═════ Given information ═════

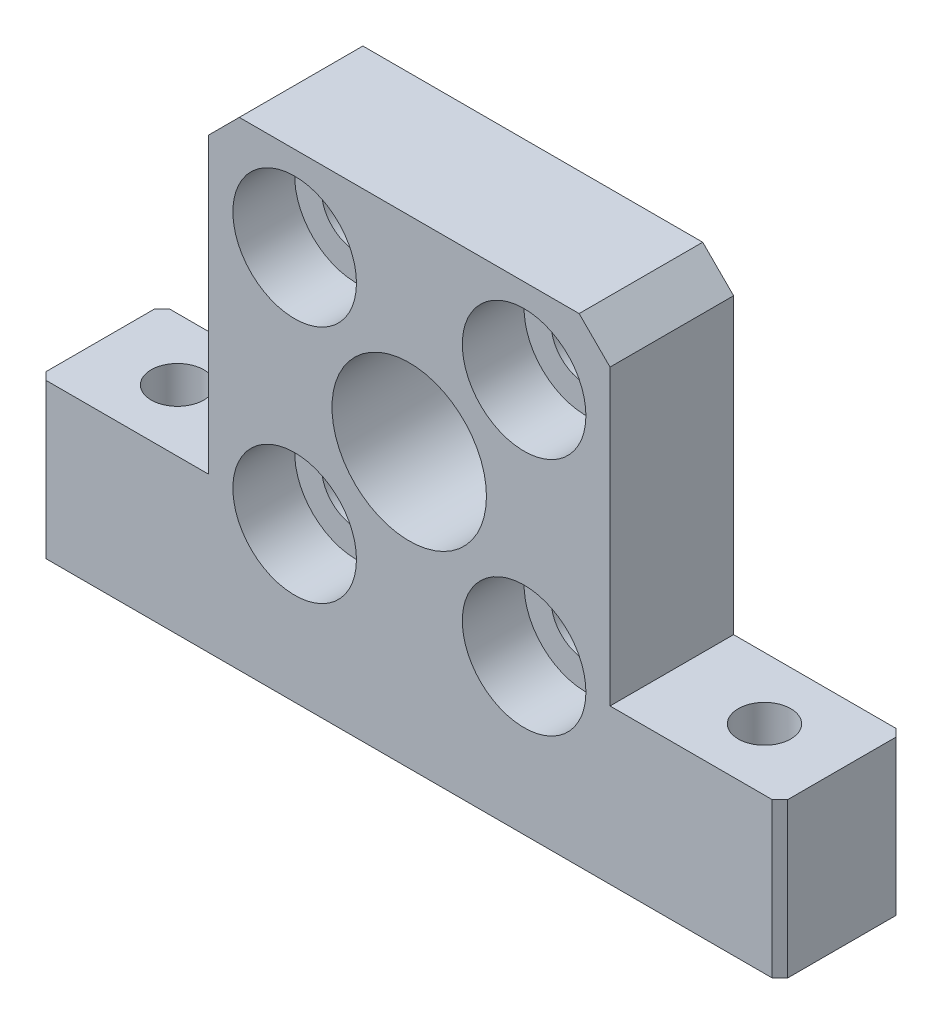
ISO-10303-21;
HEADER;
FILE_DESCRIPTION(('STEP AP214'),'2;1');
FILE_NAME('part.step','',(''),(''),'','','');
FILE_SCHEMA(('AUTOMOTIVE_DESIGN { 1 0 10303 214 1 1 1 1 }'));
ENDSEC;
DATA;
#1=APPLICATION_CONTEXT('core data for automotive mechanical design processes');
#2=APPLICATION_PROTOCOL_DEFINITION('international standard','automotive_design',2000,#1);
#3=PRODUCT_CONTEXT('',#1,'mechanical');
#4=PRODUCT('Part','Part','',(#3));
#5=PRODUCT_RELATED_PRODUCT_CATEGORY('part','',(#4));
#6=PRODUCT_DEFINITION_FORMATION('','',#4);
#7=PRODUCT_DEFINITION_CONTEXT('part definition',#1,'design');
#8=PRODUCT_DEFINITION('design','',#6,#7);
#9=PRODUCT_DEFINITION_SHAPE('','',#8);
#10=(LENGTH_UNIT() NAMED_UNIT(*) SI_UNIT(.MILLI.,.METRE.));
#11=(NAMED_UNIT(*) PLANE_ANGLE_UNIT() SI_UNIT($,.RADIAN.));
#12=(NAMED_UNIT(*) SI_UNIT($,.STERADIAN.) SOLID_ANGLE_UNIT());
#13=UNCERTAINTY_MEASURE_WITH_UNIT(LENGTH_MEASURE(1.E-05),#10,'distance_accuracy_value','');
#14=(GEOMETRIC_REPRESENTATION_CONTEXT(3) GLOBAL_UNCERTAINTY_ASSIGNED_CONTEXT((#13)) GLOBAL_UNIT_ASSIGNED_CONTEXT((#10,
#11,#12)) REPRESENTATION_CONTEXT('',''));
#15=CARTESIAN_POINT('',(0.,0.,0.));
#16=DIRECTION('',(0.,0.,1.));
#17=DIRECTION('',(1.,0.,0.));
#18=AXIS2_PLACEMENT_3D('',#15,#16,#17);
#19=CARTESIAN_POINT('',(-3.43711475409836,-11.0194754098361,8.));
#20=DIRECTION('',(0.,0.,-1.));
#21=DIRECTION('',(-1.,0.,0.));
#22=AXIS2_PLACEMENT_3D('',#19,#20,#21);
#23=CYLINDRICAL_SURFACE('',#22,2.25);
#24=CARTESIAN_POINT('',(-3.43711475409836,-11.0194754098361,0.));
#25=DIRECTION('',(0.,0.,1.));
#26=DIRECTION('',(1.,0.,0.));
#27=AXIS2_PLACEMENT_3D('',#24,#25,#26);
#28=CIRCLE('',#27,2.25);
#29=CARTESIAN_POINT('',(-1.18711475409836,-11.0194754098361,0.));
#30=VERTEX_POINT('',#29);
#31=EDGE_CURVE('E265',#30,#30,#28,.T.);
#32=ORIENTED_EDGE('',*,*,#31,.F.);
#33=EDGE_LOOP('',(#32));
#34=FACE_BOUND('',#33,.T.);
#35=CARTESIAN_POINT('',(-3.43711475409836,-11.0194754098361,4.));
#36=DIRECTION('',(0.,0.,1.));
#37=DIRECTION('',(1.,0.,0.));
#38=AXIS2_PLACEMENT_3D('',#35,#36,#37);
#39=CIRCLE('',#38,2.25);
#40=CARTESIAN_POINT('',(-1.18711475409836,-11.0194754098361,4.));
#41=VERTEX_POINT('',#40);
#42=EDGE_CURVE('E181',#41,#41,#39,.T.);
#43=ORIENTED_EDGE('',*,*,#42,.T.);
#44=EDGE_LOOP('',(#43));
#45=FACE_BOUND('',#44,.T.);
#46=ADVANCED_FACE('F32',(#34,#45),#23,.F.);
#47=CARTESIAN_POINT('',(11.416131147541,-11.0194754098361,8.));
#48=DIRECTION('',(0.,0.,-1.));
#49=DIRECTION('',(-1.,0.,0.));
#50=AXIS2_PLACEMENT_3D('',#47,#48,#49);
#51=CYLINDRICAL_SURFACE('',#50,2.25);
#52=CARTESIAN_POINT('',(11.416131147541,-11.0194754098361,0.));
#53=DIRECTION('',(0.,0.,1.));
#54=DIRECTION('',(1.,0.,0.));
#55=AXIS2_PLACEMENT_3D('',#52,#53,#54);
#56=CIRCLE('',#55,2.25);
#57=CARTESIAN_POINT('',(13.666131147541,-11.0194754098361,0.));
#58=VERTEX_POINT('',#57);
#59=EDGE_CURVE('E275',#58,#58,#56,.T.);
#60=ORIENTED_EDGE('',*,*,#59,.F.);
#61=EDGE_LOOP('',(#60));
#62=FACE_BOUND('',#61,.T.);
#63=CARTESIAN_POINT('',(11.416131147541,-11.0194754098361,4.));
#64=DIRECTION('',(0.,0.,1.));
#65=DIRECTION('',(1.,0.,0.));
#66=AXIS2_PLACEMENT_3D('',#63,#64,#65);
#67=CIRCLE('',#66,2.25);
#68=CARTESIAN_POINT('',(13.666131147541,-11.0194754098361,4.));
#69=VERTEX_POINT('',#68);
#70=EDGE_CURVE('E177',#69,#69,#67,.T.);
#71=ORIENTED_EDGE('',*,*,#70,.T.);
#72=EDGE_LOOP('',(#71));
#73=FACE_BOUND('',#72,.T.);
#74=ADVANCED_FACE('F376',(#62,#73),#51,.F.);
#75=CARTESIAN_POINT('',(11.416131147541,4.48052459016393,8.));
#76=DIRECTION('',(0.,0.,-1.));
#77=DIRECTION('',(-1.,0.,0.));
#78=AXIS2_PLACEMENT_3D('',#75,#76,#77);
#79=CYLINDRICAL_SURFACE('',#78,2.25);
#80=CARTESIAN_POINT('',(11.416131147541,4.48052459016393,0.));
#81=DIRECTION('',(0.,0.,1.));
#82=DIRECTION('',(1.,0.,0.));
#83=AXIS2_PLACEMENT_3D('',#80,#81,#82);
#84=CIRCLE('',#83,2.25);
#85=CARTESIAN_POINT('',(13.666131147541,4.48052459016393,0.));
#86=VERTEX_POINT('',#85);
#87=EDGE_CURVE('E281',#86,#86,#84,.T.);
#88=ORIENTED_EDGE('',*,*,#87,.F.);
#89=EDGE_LOOP('',(#88));
#90=FACE_BOUND('',#89,.T.);
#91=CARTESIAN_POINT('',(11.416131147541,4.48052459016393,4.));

═════

Assignment: Could the data above be reproduced exactly, with the pictures left out?

Expected answer:
ISO-10303-21;
HEADER;
FILE_DESCRIPTION(('STEP AP214'),'2;1');
FILE_NAME('part.step','',(''),(''),'','','');
FILE_SCHEMA(('AUTOMOTIVE_DESIGN { 1 0 10303 214 1 1 1 1 }'));
ENDSEC;
DATA;
#1=APPLICATION_CONTEXT('core data for automotive mechanical design processes');
#2=APPLICATION_PROTOCOL_DEFINITION('international standard','automotive_design',2000,#1);
#3=PRODUCT_CONTEXT('',#1,'mechanical');
#4=PRODUCT('Part','Part','',(#3));
#5=PRODUCT_RELATED_PRODUCT_CATEGORY('part','',(#4));
#6=PRODUCT_DEFINITION_FORMATION('','',#4);
#7=PRODUCT_DEFINITION_CONTEXT('part definition',#1,'design');
#8=PRODUCT_DEFINITION('design','',#6,#7);
#9=PRODUCT_DEFINITION_SHAPE('','',#8);
#10=(LENGTH_UNIT() NAMED_UNIT(*) SI_UNIT(.MILLI.,.METRE.));
#11=(NAMED_UNIT(*) PLANE_ANGLE_UNIT() SI_UNIT($,.RADIAN.));
#12=(NAMED_UNIT(*) SI_UNIT($,.STERADIAN.) SOLID_ANGLE_UNIT());
#13=UNCERTAINTY_MEASURE_WITH_UNIT(LENGTH_MEASURE(1.E-05),#10,'distance_accuracy_value','');
#14=(GEOMETRIC_REPRESENTATION_CONTEXT(3) GLOBAL_UNCERTAINTY_ASSIGNED_CONTEXT((#13)) GLOBAL_UNIT_ASSIGNED_CONTEXT((#10,
#11,#12)) REPRESENTATION_CONTEXT('',''));
#15=CARTESIAN_POINT('',(0.,0.,0.));
#16=DIRECTION('',(0.,0.,1.));
#17=DIRECTION('',(1.,0.,0.));
#18=AXIS2_PLACEMENT_3D('',#15,#16,#17);
#19=CARTESIAN_POINT('',(-3.43711475409836,-11.0194754098361,8.));
#20=DIRECTION('',(0.,0.,-1.));
#21=DIRECTION('',(-1.,0.,0.));
#22=AXIS2_PLACEMENT_3D('',#19,#20,#21);
#23=CYLINDRICAL_SURFACE('',#22,2.25);
#24=CARTESIAN_POINT('',(-3.43711475409836,-11.0194754098361,0.));
#25=DIRECTION('',(0.,0.,1.));
#26=DIRECTION('',(1.,0.,0.));
#27=AXIS2_PLACEMENT_3D('',#24,#25,#26);
#28=CIRCLE('',#27,2.25);
#29=CARTESIAN_POINT('',(-1.18711475409836,-11.0194754098361,0.));
#30=VERTEX_POINT('',#29);
#31=EDGE_CURVE('E265',#30,#30,#28,.T.);
#32=ORIENTED_EDGE('',*,*,#31,.F.);
#33=EDGE_LOOP('',(#32));
#34=FACE_BOUND('',#33,.T.);
#35=CARTESIAN_POINT('',(-3.43711475409836,-11.0194754098361,4.));
#36=DIRECTION('',(0.,0.,1.));
#37=DIRECTION('',(1.,0.,0.));
#38=AXIS2_PLACEMENT_3D('',#35,#36,#37);
#39=CIRCLE('',#38,2.25);
#40=CARTESIAN_POINT('',(-1.18711475409836,-11.0194754098361,4.));
#41=VERTEX_POINT('',#40);
#42=EDGE_CURVE('E181',#41,#41,#39,.T.);
#43=ORIENTED_EDGE('',*,*,#42,.T.);
#44=EDGE_LOOP('',(#43));
#45=FACE_BOUND('',#44,.T.);
#46=ADVANCED_FACE('F32',(#34,#45),#23,.F.);
#47=CARTESIAN_POINT('',(11.416131147541,-11.0194754098361,8.));
#48=DIRECTION('',(0.,0.,-1.));
#49=DIRECTION('',(-1.,0.,0.));
#50=AXIS2_PLACEMENT_3D('',#47,#48,#49);
#51=CYLINDRICAL_SURFACE('',#50,2.25);
#52=CARTESIAN_POINT('',(11.416131147541,-11.0194754098361,0.));
#53=DIRECTION('',(0.,0.,1.));
#54=DIRECTION('',(1.,0.,0.));
#55=AXIS2_PLACEMENT_3D('',#52,#53,#54);
#56=CIRCLE('',#55,2.25);
#57=CARTESIAN_POINT('',(13.666131147541,-11.0194754098361,0.));
#58=VERTEX_POINT('',#57);
#59=EDGE_CURVE('E275',#58,#58,#56,.T.);
#60=ORIENTED_EDGE('',*,*,#59,.F.);
#61=EDGE_LOOP('',(#60));
#62=FACE_BOUND('',#61,.T.);
#63=CARTESIAN_POINT('',(11.416131147541,-11.0194754098361,4.));
#64=DIRECTION('',(0.,0.,1.));
#65=DIRECTION('',(1.,0.,0.));
#66=AXIS2_PLACEMENT_3D('',#63,#64,#65);
#67=CIRCLE('',#66,2.25);
#68=CARTESIAN_POINT('',(13.666131147541,-11.0194754098361,4.));
#69=VERTEX_POINT('',#68);
#70=EDGE_CURVE('E177',#69,#69,#67,.T.);
#71=ORIENTED_EDGE('',*,*,#70,.T.);
#72=EDGE_LOOP('',(#71));
#73=FACE_BOUND('',#72,.T.);
#74=ADVANCED_FACE('F376',(#62,#73),#51,.F.);
#75=CARTESIAN_POINT('',(11.416131147541,4.48052459016393,8.));
#76=DIRECTION('',(0.,0.,-1.));
#77=DIRECTION('',(-1.,0.,0.));
#78=AXIS2_PLACEMENT_3D('',#75,#76,#77);
#79=CYLINDRICAL_SURFACE('',#78,2.25);
#80=CARTESIAN_POINT('',(11.416131147541,4.48052459016393,0.));
#81=DIRECTION('',(0.,0.,1.));
#82=DIRECTION('',(1.,0.,0.));
#83=AXIS2_PLACEMENT_3D('',#80,#81,#82);
#84=CIRCLE('',#83,2.25);
#85=CARTESIAN_POINT('',(13.666131147541,4.48052459016393,0.));
#86=VERTEX_POINT('',#85);
#87=EDGE_CURVE('E281',#86,#86,#84,.T.);
#88=ORIENTED_EDGE('',*,*,#87,.F.);
#89=EDGE_LOOP('',(#88));
#90=FACE_BOUND('',#89,.T.);
#91=CARTESIAN_POINT('',(11.416131147541,4.48052459016393,4.));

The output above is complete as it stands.